- What to work on -
A single number is the answer: how many lines of the data hold "OUTLINES"?
**** Provided information
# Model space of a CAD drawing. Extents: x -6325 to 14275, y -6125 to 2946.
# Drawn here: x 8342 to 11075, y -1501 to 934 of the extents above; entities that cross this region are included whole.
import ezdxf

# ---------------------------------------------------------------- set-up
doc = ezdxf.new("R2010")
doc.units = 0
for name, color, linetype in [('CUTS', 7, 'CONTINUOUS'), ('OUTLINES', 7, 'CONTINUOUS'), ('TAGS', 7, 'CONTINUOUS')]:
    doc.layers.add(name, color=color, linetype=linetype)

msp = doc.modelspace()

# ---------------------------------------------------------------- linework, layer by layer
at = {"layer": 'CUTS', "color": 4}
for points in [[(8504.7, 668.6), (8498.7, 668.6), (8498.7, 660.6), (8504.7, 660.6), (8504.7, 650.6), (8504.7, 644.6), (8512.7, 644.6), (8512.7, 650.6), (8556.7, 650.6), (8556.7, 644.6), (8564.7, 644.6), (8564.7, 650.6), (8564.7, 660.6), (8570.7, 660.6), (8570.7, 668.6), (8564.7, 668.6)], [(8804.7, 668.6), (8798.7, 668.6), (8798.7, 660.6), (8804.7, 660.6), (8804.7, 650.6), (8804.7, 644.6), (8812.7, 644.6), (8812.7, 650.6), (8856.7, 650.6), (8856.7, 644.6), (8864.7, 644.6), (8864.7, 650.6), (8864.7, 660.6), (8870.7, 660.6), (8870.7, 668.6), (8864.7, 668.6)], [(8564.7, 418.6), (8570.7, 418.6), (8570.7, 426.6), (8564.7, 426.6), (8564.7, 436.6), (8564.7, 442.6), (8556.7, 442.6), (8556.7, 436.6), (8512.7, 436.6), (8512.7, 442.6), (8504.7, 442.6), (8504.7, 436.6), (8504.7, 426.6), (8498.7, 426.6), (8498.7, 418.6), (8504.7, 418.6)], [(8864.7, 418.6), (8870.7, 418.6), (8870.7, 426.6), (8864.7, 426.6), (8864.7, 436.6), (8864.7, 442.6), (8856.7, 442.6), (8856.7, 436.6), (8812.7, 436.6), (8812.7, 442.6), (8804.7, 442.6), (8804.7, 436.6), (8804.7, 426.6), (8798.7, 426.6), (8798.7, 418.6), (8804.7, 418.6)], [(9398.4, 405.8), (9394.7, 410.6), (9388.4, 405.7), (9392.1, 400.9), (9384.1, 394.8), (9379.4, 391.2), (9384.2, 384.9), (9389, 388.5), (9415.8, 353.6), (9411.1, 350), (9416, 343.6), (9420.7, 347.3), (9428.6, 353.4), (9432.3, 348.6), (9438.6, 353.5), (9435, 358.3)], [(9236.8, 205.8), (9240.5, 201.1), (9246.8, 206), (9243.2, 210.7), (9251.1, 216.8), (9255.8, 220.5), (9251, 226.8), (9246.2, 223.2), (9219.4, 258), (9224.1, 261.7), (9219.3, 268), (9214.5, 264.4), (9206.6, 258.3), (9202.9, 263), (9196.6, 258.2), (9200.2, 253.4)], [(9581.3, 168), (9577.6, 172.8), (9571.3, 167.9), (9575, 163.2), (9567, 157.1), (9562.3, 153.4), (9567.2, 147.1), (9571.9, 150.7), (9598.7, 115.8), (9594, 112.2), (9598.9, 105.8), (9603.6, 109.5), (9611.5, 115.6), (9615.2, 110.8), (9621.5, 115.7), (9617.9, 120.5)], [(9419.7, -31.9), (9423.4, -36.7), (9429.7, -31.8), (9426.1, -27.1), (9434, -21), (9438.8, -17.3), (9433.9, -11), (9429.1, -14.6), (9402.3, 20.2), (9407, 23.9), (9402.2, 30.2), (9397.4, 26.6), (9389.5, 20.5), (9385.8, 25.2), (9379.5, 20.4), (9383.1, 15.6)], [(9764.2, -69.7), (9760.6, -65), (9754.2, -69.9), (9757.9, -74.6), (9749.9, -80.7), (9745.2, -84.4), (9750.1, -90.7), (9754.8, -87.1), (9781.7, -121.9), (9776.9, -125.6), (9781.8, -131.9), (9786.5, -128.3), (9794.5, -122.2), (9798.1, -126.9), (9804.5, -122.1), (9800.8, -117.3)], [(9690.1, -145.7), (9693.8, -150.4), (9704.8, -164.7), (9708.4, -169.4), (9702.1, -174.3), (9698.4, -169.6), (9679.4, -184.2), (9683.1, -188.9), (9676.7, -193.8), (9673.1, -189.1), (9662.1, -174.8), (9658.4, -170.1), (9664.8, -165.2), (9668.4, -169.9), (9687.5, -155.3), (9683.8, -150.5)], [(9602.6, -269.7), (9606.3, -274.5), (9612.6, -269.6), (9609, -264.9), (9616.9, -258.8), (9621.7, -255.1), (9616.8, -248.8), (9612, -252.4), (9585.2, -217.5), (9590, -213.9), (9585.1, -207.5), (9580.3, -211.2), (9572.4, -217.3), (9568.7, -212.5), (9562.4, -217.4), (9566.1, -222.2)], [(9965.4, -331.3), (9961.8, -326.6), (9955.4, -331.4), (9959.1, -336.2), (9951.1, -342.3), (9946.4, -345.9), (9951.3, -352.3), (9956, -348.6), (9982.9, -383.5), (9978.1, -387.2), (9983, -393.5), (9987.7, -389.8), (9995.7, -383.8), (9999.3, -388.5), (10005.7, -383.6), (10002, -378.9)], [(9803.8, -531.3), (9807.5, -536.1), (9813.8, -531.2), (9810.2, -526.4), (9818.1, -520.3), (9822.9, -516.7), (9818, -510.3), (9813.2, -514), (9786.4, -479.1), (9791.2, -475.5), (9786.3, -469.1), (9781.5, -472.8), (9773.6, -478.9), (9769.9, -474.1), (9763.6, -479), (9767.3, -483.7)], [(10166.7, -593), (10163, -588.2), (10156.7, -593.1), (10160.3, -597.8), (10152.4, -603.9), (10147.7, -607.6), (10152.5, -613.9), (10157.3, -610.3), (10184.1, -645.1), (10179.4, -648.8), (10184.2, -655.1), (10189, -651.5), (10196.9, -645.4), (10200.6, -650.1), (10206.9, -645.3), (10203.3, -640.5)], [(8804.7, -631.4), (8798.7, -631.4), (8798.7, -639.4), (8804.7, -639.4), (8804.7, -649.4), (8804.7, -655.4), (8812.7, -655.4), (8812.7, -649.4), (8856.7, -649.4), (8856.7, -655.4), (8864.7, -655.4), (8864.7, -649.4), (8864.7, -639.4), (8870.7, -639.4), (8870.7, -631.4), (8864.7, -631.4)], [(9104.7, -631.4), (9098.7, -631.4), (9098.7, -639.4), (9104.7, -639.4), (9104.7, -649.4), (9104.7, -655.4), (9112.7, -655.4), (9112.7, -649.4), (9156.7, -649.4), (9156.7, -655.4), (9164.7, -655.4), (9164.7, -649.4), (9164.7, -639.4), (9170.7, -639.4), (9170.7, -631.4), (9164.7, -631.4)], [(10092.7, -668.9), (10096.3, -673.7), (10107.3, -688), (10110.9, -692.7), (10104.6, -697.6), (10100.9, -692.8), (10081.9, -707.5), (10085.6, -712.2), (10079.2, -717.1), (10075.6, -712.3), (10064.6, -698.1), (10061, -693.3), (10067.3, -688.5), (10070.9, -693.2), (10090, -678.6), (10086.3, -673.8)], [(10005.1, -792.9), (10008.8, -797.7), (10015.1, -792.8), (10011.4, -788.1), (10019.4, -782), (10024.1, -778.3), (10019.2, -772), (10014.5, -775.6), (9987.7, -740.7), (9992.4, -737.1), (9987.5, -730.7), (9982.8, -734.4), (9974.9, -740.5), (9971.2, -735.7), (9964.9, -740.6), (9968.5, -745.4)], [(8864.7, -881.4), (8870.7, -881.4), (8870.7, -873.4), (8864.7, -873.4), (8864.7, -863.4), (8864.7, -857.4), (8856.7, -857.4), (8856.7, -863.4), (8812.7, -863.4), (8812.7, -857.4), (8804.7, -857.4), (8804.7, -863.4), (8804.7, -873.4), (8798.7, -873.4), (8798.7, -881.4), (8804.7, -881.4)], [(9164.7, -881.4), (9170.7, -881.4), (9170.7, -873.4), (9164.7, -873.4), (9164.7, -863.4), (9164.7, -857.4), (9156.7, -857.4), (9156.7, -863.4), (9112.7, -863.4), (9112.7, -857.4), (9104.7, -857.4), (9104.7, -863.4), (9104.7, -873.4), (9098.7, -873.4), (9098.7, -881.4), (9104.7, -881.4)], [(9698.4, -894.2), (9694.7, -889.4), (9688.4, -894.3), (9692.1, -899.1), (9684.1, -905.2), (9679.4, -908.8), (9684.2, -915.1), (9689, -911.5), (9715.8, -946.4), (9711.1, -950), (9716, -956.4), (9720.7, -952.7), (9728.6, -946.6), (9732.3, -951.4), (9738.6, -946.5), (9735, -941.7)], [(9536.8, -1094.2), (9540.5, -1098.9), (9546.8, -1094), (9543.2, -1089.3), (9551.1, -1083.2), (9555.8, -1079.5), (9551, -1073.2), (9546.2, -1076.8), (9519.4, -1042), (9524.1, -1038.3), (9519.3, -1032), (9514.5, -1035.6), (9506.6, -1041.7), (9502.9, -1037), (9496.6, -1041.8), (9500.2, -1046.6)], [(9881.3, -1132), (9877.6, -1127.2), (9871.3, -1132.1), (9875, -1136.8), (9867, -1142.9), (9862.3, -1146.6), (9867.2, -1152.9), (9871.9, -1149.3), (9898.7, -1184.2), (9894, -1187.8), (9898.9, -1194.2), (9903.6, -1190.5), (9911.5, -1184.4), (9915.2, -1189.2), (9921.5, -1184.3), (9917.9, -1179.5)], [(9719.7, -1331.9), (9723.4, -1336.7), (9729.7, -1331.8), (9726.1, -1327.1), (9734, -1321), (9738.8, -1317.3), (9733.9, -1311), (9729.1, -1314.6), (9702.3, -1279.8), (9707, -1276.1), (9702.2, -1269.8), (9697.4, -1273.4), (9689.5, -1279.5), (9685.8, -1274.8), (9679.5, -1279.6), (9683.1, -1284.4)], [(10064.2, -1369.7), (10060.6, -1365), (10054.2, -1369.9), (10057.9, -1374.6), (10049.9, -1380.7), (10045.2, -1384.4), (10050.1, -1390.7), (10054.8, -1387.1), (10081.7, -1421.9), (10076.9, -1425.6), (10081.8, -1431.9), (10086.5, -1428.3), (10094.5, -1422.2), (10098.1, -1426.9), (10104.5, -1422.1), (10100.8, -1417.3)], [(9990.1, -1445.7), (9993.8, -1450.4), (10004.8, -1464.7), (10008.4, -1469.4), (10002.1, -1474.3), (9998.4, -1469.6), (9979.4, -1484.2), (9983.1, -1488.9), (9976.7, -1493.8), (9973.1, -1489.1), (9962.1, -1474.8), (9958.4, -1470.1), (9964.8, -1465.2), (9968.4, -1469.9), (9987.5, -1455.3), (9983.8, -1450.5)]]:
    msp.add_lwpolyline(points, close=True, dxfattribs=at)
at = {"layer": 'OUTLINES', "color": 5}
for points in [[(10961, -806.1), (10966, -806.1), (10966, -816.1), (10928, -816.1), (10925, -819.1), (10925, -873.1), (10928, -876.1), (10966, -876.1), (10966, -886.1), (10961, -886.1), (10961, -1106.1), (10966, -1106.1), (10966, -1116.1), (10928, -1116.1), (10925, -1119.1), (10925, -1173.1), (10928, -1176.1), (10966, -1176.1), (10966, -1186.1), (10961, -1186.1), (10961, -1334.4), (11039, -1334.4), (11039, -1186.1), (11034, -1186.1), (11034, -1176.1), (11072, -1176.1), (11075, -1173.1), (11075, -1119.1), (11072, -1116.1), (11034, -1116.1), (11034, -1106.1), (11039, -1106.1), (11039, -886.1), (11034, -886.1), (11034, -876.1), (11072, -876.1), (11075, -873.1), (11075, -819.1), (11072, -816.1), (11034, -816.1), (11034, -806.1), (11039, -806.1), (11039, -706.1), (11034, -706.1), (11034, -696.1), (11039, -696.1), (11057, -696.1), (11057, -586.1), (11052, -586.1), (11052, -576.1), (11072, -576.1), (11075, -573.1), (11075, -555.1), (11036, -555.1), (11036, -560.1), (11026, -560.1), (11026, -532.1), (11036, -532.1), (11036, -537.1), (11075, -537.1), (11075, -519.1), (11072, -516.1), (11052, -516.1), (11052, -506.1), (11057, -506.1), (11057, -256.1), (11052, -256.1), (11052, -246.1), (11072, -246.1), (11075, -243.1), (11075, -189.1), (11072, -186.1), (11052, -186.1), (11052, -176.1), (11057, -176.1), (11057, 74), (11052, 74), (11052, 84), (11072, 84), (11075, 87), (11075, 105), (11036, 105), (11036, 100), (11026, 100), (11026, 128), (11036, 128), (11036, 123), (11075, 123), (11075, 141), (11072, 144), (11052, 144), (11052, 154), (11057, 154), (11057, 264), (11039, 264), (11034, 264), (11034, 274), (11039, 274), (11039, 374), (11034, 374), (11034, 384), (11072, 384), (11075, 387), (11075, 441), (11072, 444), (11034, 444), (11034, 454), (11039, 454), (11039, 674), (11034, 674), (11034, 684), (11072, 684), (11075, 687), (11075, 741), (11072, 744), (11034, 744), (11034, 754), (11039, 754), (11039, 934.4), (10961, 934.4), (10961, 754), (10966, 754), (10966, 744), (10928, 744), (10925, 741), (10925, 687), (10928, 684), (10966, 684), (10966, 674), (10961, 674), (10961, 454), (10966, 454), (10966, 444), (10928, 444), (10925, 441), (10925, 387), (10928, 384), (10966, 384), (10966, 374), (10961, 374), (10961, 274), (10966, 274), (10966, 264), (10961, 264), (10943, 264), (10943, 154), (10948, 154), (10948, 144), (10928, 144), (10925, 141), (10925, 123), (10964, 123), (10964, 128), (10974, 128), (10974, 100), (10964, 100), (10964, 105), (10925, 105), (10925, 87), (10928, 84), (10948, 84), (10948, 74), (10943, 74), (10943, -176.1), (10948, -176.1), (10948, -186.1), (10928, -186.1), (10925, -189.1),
********
- Worked solution -
2